BTW - your attachments didn't make it through to the list with your email. Please attach the files to this issue. Hopefully someone will look into it in the near future.

Comment 7 Adam Pingel 2009-06-02 17:15:51 UTC
I tried again with poi-3.5-beta7-20090602.jar and poi-ooxml-3.5-beta7-20090602.jar.  I will attach my .java and the resulting log.
Comment 8 Adam Pingel 2009-06-02 17:18:06 UTC
Created attachment 23744 [details]
execution trace of my code applied to Chris's .xls file
Comment 9 Adam Pingel 2009-06-02 17:19:22 UTC
Created attachment 23745 [details]
a reworked XLS2CSVmra that I'm using to create the trace
Comment 10 Chris Lott 2009-06-23 04:58:01 UTC
I reopened this bug -- I hope that's acceptable to the POI committers.  Adam and I have provided fairly convincing evidence and attached it to this bug report.  I hope this isn't too hard to fix, and that maybe the fix will be delivered in time for the 3.5 final release.  Thanks for listening.
Comment 11 kirklib 2009-10-19 07:16:43 UTC
Was very happy to discover this library, and then quickly disappointed by this bug which is a fairly essential necessity for such a program.

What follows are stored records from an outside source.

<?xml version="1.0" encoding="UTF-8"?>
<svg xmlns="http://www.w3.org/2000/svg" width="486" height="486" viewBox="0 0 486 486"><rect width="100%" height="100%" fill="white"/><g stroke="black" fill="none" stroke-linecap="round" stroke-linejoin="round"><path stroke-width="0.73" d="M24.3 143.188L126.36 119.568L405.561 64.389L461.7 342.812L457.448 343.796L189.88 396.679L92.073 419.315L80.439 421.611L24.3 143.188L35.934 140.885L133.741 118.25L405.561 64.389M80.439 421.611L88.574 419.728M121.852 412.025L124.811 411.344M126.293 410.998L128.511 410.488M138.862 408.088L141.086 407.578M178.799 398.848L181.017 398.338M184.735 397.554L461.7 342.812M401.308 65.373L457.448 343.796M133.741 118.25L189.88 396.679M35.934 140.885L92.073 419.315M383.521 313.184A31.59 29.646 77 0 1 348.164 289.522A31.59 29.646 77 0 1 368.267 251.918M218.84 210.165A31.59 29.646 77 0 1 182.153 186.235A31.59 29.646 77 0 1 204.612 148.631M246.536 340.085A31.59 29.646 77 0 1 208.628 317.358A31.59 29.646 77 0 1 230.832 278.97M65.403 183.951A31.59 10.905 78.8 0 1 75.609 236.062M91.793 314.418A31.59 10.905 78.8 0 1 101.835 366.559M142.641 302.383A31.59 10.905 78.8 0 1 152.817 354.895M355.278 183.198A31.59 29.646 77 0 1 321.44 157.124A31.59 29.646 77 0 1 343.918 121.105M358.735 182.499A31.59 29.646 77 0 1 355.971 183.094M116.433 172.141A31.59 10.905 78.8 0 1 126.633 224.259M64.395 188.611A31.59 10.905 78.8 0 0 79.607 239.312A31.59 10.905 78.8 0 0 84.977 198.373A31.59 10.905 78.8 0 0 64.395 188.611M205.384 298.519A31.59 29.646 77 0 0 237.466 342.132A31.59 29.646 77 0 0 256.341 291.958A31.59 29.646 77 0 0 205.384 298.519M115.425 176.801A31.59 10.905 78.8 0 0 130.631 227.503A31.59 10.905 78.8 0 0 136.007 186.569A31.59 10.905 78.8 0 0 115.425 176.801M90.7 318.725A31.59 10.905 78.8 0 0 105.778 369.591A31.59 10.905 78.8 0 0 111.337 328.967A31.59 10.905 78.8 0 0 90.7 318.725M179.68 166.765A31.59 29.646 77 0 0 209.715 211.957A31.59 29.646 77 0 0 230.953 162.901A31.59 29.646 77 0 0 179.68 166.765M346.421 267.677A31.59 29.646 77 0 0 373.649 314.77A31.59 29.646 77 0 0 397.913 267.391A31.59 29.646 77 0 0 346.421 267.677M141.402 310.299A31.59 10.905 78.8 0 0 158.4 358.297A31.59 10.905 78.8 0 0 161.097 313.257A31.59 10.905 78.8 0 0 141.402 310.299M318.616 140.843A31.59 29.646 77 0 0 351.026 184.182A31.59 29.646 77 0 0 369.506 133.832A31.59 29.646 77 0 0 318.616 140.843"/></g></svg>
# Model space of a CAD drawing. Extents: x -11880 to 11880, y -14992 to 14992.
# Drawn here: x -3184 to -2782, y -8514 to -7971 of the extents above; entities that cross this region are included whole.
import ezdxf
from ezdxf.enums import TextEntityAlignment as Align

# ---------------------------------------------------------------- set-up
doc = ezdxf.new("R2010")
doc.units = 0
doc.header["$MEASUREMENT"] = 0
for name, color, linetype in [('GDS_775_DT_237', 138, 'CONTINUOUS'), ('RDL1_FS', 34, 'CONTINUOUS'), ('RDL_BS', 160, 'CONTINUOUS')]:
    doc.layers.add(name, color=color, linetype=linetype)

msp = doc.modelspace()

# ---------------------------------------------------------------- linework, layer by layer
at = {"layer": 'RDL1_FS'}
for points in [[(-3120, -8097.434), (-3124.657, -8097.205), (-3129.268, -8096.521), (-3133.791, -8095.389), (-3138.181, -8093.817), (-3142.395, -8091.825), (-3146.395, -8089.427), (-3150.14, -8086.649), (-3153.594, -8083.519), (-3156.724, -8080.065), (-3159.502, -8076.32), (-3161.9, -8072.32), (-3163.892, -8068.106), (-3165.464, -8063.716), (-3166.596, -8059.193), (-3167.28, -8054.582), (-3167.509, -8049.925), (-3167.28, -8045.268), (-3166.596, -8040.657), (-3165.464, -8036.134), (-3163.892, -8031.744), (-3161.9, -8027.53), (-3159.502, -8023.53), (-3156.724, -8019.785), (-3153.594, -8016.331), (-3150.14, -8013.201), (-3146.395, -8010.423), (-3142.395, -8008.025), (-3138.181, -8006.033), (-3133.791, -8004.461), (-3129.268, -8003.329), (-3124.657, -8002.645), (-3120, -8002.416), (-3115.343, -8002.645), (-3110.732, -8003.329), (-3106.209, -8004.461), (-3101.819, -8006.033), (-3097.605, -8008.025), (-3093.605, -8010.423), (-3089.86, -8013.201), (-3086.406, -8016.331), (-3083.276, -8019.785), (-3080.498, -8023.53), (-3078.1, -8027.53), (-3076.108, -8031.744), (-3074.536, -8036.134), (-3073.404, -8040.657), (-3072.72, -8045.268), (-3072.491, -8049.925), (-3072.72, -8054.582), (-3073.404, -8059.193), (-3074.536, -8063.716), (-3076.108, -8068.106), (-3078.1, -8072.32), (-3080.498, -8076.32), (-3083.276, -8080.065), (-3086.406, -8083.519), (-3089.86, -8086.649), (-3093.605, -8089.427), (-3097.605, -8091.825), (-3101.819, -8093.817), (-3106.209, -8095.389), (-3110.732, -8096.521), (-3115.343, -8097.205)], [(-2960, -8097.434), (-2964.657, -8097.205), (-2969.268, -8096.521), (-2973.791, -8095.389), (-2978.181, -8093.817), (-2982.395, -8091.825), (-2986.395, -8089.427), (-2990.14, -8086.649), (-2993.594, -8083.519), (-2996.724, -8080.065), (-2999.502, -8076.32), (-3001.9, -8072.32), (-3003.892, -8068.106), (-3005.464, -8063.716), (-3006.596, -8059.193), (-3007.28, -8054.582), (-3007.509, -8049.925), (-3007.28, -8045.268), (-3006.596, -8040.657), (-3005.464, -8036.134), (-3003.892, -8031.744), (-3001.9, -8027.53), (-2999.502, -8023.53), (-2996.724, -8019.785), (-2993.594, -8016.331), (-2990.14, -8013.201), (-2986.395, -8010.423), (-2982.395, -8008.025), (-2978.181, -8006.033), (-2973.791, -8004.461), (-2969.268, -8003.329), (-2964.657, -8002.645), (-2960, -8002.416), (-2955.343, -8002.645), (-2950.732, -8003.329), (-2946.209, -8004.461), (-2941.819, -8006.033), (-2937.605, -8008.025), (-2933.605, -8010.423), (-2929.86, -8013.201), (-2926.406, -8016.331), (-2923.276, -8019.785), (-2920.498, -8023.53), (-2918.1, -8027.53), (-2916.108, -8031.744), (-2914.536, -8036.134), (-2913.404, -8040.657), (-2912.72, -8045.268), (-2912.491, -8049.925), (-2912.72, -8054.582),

I have detailed the problem I have on the mailing list:

An event is thrown signalling the end of a row whenever it encounters various blank cells in my data.
Comment 12 Nick Burch 2009-11-03 14:48:43 UTC
Ah, I'd forgotten that you can have records that cover multiple cells (MulBlankRecord and MulRKRecord). MissingRecordAwareHSSFListener wasn't handling these properly, and probably nor was anyone's code...

I've updated MissingRecordAwareHSSFListener to expand these out into individual records, so hopefully it'll behave itself better now
Comment 13 Chris Lott 2009-11-08 06:45:06 UTC
Created attachment 24504 [details]
Two-row spreadsheet that triggers LsatCellOfDummyRowRec failure

I sent this spreadsheet to Adam Pingel but forgot to attach it to this bug.  Running XLS2CSVmra + POI 3.5 FINAL on this input yields 3 rows (expected 2).
Comment 14 Chris Lott 2009-11-08 06:48:52 UTC
Nick Burch, thank you very much for the patch.  It works for me!  I tested the nightly build POI-3.6-beta1-20091108.jar from encore.torchbox.com together with the XLS2CSVmra program on the two-row spreadsheet that is attached to this bug.  The failure no longer happens.  POI 3.5 final yields 3 rows, POI 3.6 beta yields 2 rows, which is what I expect.